Consider the two wingtips of mainstream Australian politics. On the left, the Greens party has now switched to Adam Bandt - a rhetorical heavy-hitter whose language stokes the base, but seems less suited to the project of productive cross-party talks or building his own party's preparedness to give ground.
"These catastrophic bushfires have happened at 1 degree (of warming), Scott Morrison's plan is for at least three times as much pain, three times as much suffering and three times as many deaths at least, because that is what is in store for us if we keep on going the way the government has us going," Bandt said in his first press conference as leader.
So blunt was this that it was Labor's Anthony Albanese sounded Morrison's defence.
"Being engaged in abuse ... in my view, isn't a great way to bring people with you," the Opposition Leader told the ABC. "I don't think that you advance your cause, your objective, by coming up with strong rhetoric that has people who agree with you agreeing with you even stronger." True.
Now jump across to the Nationals on the right wing.
Michael McCormack is the Deputy Prime Minister (no less) but is leader of his party pro-tem following his near-death experience in the Barnaby Joyce challenge.
Only weeks ago, McCormack, remember, slammed "pure, enlightened and woke capital city greenies" for having the temerity to even mention climate change in the context of the fires.
Yet if anything, McCormack can be expected to ratchet up that kind of intemperate language now in the hope of keeping Joyce and his fellow pro-coal hardliners - Matt Canavan, George Christensen among them - at bay.

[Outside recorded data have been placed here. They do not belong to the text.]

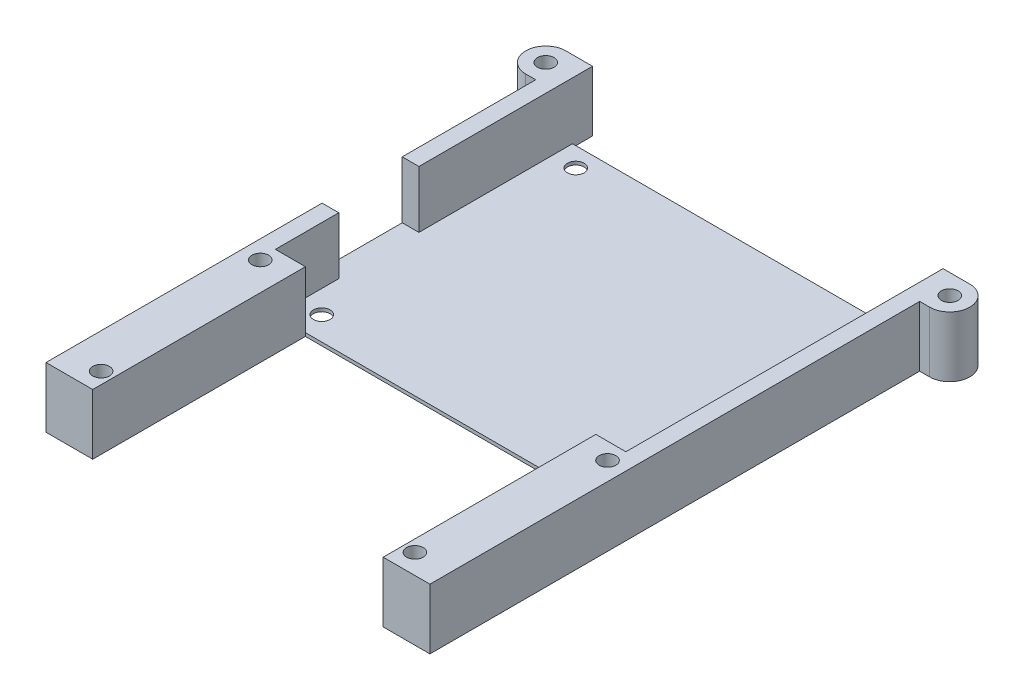
SolidWorks part; units mm, degrees
ref_plane "Front Plane" through (0, 0, 0) normal (0, 0, 1) x (1, 0, 0)
ref_plane "Top Plane" through (0, 0, 0) normal (0, 1, 0) x (1, 0, 0)
ref_plane "Right Plane" through (0, 0, 0) normal (1, 0, 0) x (0, 0, -1)
sketch "Sketch1" plane through (0, 0, 0) normal (0, 1, 0) x (1, 0, 0)
  line L0 (0, 0) -> (0, 76.35) construction
  line L1 (-28.75, 76.35) -> (28.75, 76.35)
  line L2 (28.75, 76.35) -> (28.75, 0)
  line L3 (28.75, 0) -> (21.75, 0)
  line L4 (21.75, 0) -> (21.75, 31.85)
  line L5 (21.75, 31.85) -> (-21.75, 31.85)
  line L6 (-21.75, 31.85) -> (-21.75, 0)
  line L7 (-21.75, 0) -> (-28.75, 0)
  line L8 (-28.75, 0) -> (-28.75, 76.35)
  line L9 (-26.25, 76.35) -> (-26.25, 31.85)
  line L14 (-26.25, 31.85) -> (-21.75, 31.85)
  line L15 (26.25, 76.35) -> (26.25, 31.85)
  line L16 (26.25, 31.85) -> (21.75, 31.85)
  line L17 (28.75, 79.35) -> (30.25, 79.35)
  line L18 (-28.75, 41.35) -> (-26.25, 41.35)
  line L19 (-28.75, 41.35) -> (-28.75, 53.35)
  line L20 (-28.75, 53.35) -> (-26.25, 53.35)
  line L21 (-26.25, 41.35) -> (-26.25, 53.35)
  line L22 (30.25, 73.35) -> (28.75, 73.35)
  line L23 (-30.25, 73.35) -> (-28.75, 73.35)
  line L24 (-28.75, 79.35) -> (-30.25, 79.35)
  line L25 (26.25, 76.35) -> (26.25, 79.35)
  line L26 (26.25, 79.35) -> (28.75, 79.35)
  line L28 (-28.75, 76.35) -> (-28.75, 79.35)
  line L29 (-28.75, 79.35) -> (-26.25, 79.35)
  line L30 (-26.25, 79.35) -> (-26.25, 76.35)
  arc A0 (30.25, 73.35) -> (30.25, 79.35) centre (30.25, 76.35) ccw
  arc A1 (-30.25, 73.35) -> (-30.25, 79.35) centre (-30.25, 76.35) cw
  point P10 (0, 76.35)
  point P16 (-27.5, 41.35)
  point P17 (-22.85, 73.45)
  point P18 (22.85, 73.45)
  point P23 (22.85, 35.4)
  point P24 (-22.85, 35.4)
  point P25 (23.5, 3)
  point P26 (26, 29.35)
  point P27 (-26, 29.35)
  point P28 (-23.5, 3)
  point P40 (30.25, 76.35)
  point P41 (-30.25, 76.35)
  dimension "D16" = 3
  dimension "D1" = 2.5
  dimension "D2" = 7
  dimension "D3" = 43.5
  dimension "D4" = 31.85
  dimension "D5" = 44.5
  dimension "D6" = 23
  dimension "D7" = 12
  dimension "D8" = 22.85
  dimension "D9" = 38.05
  dimension "D10" = 2.9
  dimension "D11" = 47
  dimension "D12" = 52
  dimension "D13" = 47
  dimension "D14" = 3
  dimension "D15" = 1.5
extrude "Boss-Extrude1" add sketch "Sketch1" along normal blind 0.5 contours L5 L0 L1 L9 L14 | L0 L5 L16 L15 L1 | L20 L8 L18 L9 region at (-13.125, 0, -54.1) region at (13.125, 0, -54.1) region at (-27.5, 0, -47.35)
extrude "Boss-Extrude2" add sketch "Sketch1<3>" along normal blind 9.05 contours L18 L8 L7 L6 L14 L9 | L8 L20 L9 L1 | L15 L16 L4 L3 L2 L1 | A1 L23 L8 L24 | L22 A0 L17 L2 | L26 L25 L1 | L30 L29 L28 L1 region at (-27.5, 0, -77.85) region at (-27.5, 0, -64.85) region at (-30.7362, 0, -76.35) region at (29.944, 0, -76.7172) region at (25.999, 0, -28.6329) region at (-25.4666, 0, -17.9154)
sketch "Sketch1<3>" plane through (0, 0, 0) normal (0, 1, 0) x (1, 0, 0) same geometry as "Sketch1"
hole_wizard "Ø2.5 (2.5) Diameter Hole1" positions "Sketch4" profile "Sketch5" hole size "Ø2.5" standard "ANSI Metric"
sketch "Sketch4" plane through (0, 0, 0) normal (0, -1, 0) x (-1, 0, 0)
  point P0 (-22.85, 73.45)
  point P3 (22.85, 73.45)
  point P6 (26, 29.35)
  point P9 (22.85, 35.4)
  point P12 (-22.85, 35.4)
  point P15 (-26, 29.35)
  point P18 (-23.5, 3)
  point P21 (23.5, 3)
  point P24 (-30.25, 76.35)
  point P27 (30.25, 76.35)
sketch "Sketch5" plane through (22.85, 0, -73.45) normal (1, 0, 0) x (0, 0, -1)
  line L0 (0, 0) -> (0, 12.7511)
  line L1 (0, 12.7511) -> (1.25, 12)
  line L2 (1.25, 12) -> (1.25, 0)
  line L5 (1.25, 0) -> (0, 0)
  line L10 (0, 12.7511) -> (-1.25, 12) construction
  line L11 (0, -6.35) -> (0, 107.95) construction
  dimension "Hole Dia." = 2.5
  dimension "Hole Depth" = 12
  dimension "Drill Angle" = 118

So, despite a growing public clamour for decisive climate action, there are worrying signs that the political class is tooling up for war.
The Chinese have a saying that the best time to plant a tree was ten years ago. Australia has already lost a decade of economic adjustment and powerful international diplomacy to dumb politics.
Addressing the National Press Club yesterday, an upbeat Chief Scientist, Alan Finkel insisted that we should nonetheless remain optimistic.
"We're on our way, we can do this," he said. The question for our politicians is "can they?"
- Mark Kenny is senior fellow at the ANU's Australian Studies Institute and hosts the popular podcast Democracy Sausage.